» Task: From the first line of the entries below through the line holding "import ezdxf", write out every line exactly, please, and leave out the pictures.

"""

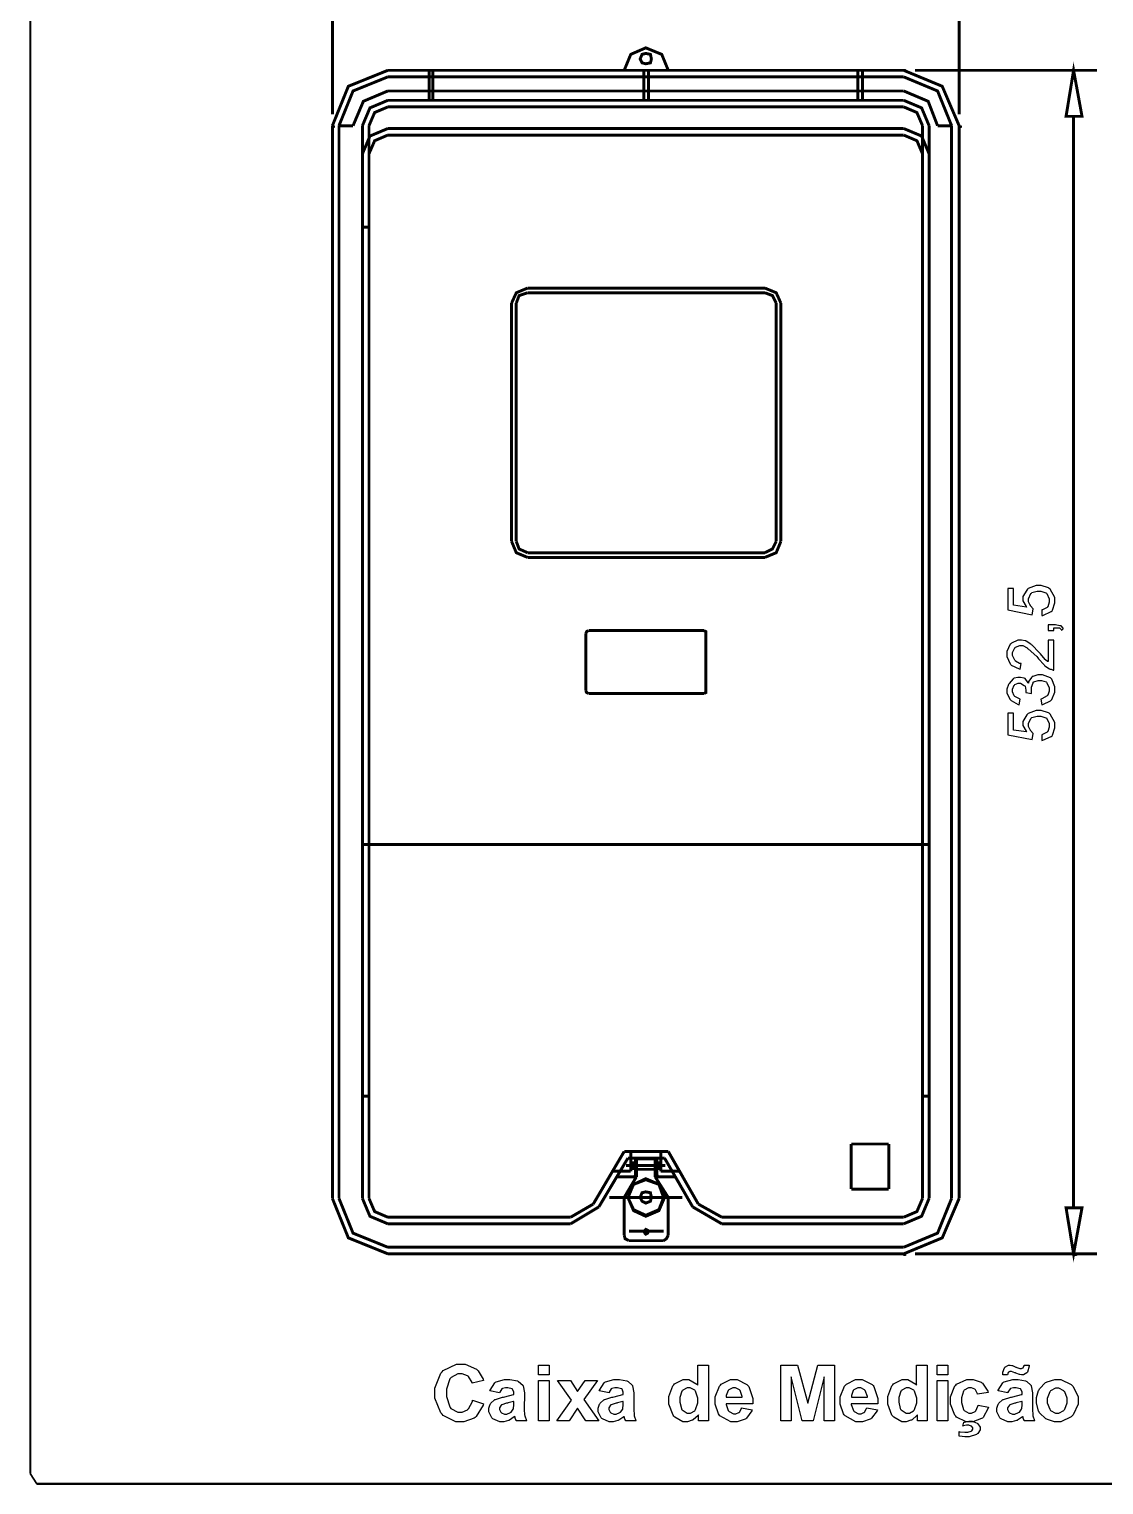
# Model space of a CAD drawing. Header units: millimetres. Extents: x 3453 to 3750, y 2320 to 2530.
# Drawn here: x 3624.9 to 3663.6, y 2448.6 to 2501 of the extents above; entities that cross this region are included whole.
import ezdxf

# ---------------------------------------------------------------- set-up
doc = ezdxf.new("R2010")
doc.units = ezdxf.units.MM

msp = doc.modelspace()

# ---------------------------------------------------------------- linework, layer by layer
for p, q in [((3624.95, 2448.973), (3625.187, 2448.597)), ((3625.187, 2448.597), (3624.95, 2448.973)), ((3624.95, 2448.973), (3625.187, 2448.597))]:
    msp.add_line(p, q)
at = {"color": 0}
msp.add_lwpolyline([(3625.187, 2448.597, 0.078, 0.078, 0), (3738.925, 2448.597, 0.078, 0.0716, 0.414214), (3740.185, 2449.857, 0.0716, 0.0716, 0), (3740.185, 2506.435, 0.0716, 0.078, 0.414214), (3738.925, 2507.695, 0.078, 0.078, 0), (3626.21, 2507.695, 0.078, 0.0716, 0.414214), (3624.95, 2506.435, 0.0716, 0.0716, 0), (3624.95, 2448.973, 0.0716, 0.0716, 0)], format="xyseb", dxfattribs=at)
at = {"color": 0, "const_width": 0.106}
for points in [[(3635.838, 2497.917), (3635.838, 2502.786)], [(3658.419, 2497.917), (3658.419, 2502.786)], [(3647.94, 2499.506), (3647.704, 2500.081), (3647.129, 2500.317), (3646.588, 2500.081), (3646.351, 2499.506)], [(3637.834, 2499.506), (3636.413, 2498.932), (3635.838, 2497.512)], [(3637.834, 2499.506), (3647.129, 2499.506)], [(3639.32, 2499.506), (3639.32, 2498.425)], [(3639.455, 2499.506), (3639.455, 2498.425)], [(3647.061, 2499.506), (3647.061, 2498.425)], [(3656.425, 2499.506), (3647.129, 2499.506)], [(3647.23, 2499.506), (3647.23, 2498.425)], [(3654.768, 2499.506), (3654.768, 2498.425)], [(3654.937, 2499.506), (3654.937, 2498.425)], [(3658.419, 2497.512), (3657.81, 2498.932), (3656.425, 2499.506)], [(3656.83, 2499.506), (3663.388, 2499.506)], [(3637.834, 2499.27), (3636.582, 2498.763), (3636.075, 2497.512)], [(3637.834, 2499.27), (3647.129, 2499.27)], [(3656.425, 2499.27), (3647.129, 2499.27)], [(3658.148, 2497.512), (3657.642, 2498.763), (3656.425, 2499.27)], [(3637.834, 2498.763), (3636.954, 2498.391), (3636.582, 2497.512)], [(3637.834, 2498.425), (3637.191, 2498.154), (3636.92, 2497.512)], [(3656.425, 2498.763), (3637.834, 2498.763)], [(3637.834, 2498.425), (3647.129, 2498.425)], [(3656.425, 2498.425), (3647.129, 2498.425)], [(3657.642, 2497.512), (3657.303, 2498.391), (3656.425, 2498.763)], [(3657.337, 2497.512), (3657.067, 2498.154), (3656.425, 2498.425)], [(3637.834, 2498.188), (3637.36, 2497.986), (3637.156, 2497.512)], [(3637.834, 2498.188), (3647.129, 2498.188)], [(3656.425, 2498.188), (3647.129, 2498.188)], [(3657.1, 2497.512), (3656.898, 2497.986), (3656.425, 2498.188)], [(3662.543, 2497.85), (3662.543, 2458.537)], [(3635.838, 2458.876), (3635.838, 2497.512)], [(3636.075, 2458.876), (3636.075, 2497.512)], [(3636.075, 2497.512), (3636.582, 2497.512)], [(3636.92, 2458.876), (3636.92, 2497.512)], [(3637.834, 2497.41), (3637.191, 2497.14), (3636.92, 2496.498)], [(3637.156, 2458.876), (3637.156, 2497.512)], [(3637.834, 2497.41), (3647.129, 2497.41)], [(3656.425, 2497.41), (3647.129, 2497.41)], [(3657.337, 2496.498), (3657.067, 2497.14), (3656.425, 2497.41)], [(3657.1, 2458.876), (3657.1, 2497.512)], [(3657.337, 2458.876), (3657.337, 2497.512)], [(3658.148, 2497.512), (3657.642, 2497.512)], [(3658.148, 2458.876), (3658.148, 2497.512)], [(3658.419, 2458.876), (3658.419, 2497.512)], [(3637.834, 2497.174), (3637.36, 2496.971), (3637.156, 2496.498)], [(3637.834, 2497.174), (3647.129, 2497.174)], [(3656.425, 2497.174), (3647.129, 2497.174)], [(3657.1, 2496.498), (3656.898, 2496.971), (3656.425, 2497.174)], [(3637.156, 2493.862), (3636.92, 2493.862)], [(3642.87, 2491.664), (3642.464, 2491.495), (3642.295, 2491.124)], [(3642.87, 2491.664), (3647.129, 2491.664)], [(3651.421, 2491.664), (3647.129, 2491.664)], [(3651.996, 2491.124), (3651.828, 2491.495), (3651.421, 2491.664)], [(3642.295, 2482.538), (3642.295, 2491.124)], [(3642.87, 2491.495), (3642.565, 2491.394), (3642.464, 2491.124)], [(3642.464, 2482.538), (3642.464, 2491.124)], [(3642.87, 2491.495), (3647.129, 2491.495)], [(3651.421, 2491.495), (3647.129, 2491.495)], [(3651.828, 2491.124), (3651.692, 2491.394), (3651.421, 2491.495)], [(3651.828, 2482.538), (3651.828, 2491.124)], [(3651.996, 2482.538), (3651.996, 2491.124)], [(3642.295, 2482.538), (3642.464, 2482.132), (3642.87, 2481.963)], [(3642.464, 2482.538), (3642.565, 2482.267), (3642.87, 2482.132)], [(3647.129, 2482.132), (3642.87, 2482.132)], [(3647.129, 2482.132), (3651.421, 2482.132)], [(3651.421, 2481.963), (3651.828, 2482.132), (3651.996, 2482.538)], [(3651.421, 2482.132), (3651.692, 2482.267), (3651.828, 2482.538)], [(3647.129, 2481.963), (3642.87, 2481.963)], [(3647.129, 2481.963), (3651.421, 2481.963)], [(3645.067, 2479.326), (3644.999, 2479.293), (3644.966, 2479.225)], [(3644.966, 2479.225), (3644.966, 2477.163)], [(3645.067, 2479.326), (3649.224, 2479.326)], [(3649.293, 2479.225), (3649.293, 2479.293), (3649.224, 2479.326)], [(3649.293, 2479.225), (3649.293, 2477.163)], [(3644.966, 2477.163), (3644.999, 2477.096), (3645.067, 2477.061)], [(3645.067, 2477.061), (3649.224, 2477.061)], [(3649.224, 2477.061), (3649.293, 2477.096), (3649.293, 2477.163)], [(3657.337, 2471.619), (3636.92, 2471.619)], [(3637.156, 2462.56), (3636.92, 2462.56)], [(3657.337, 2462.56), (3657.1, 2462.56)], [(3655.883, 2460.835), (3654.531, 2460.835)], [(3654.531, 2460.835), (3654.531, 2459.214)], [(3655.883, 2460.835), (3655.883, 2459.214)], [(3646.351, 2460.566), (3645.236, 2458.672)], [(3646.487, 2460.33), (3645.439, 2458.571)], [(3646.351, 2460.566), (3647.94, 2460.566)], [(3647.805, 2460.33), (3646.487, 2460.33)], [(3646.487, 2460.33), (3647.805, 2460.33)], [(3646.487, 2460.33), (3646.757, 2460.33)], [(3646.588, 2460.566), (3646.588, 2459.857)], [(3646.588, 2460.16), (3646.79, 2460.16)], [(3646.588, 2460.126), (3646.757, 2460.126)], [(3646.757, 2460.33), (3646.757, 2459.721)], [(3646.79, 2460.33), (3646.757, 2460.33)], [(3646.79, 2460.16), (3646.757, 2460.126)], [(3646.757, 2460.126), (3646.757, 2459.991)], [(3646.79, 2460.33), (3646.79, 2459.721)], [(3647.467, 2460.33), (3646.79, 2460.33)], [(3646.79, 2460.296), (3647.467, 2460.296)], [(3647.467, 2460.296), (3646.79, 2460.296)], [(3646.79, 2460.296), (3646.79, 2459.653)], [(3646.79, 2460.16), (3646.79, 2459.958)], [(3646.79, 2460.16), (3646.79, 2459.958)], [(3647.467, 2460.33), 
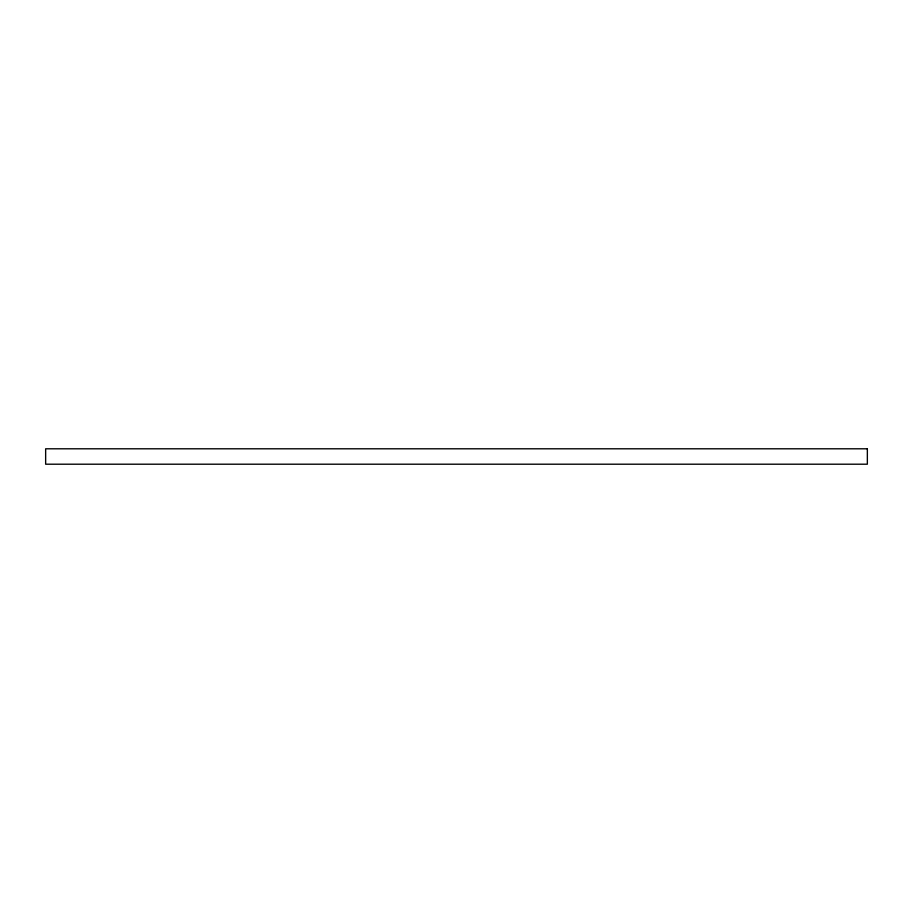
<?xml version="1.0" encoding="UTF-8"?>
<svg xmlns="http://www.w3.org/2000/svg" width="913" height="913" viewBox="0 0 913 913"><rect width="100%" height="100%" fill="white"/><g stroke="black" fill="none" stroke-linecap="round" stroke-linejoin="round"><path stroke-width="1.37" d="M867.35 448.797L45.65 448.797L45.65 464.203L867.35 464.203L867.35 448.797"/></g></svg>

"""

» Task solution:
# Model space of a CAD drawing. Header units: millimetres. Extents: x 3453 to 3750, y 2320 to 2530.
# Drawn here: x 3624.9 to 3663.6, y 2448.6 to 2501 of the extents above; entities that cross this region are included whole.
import ezdxf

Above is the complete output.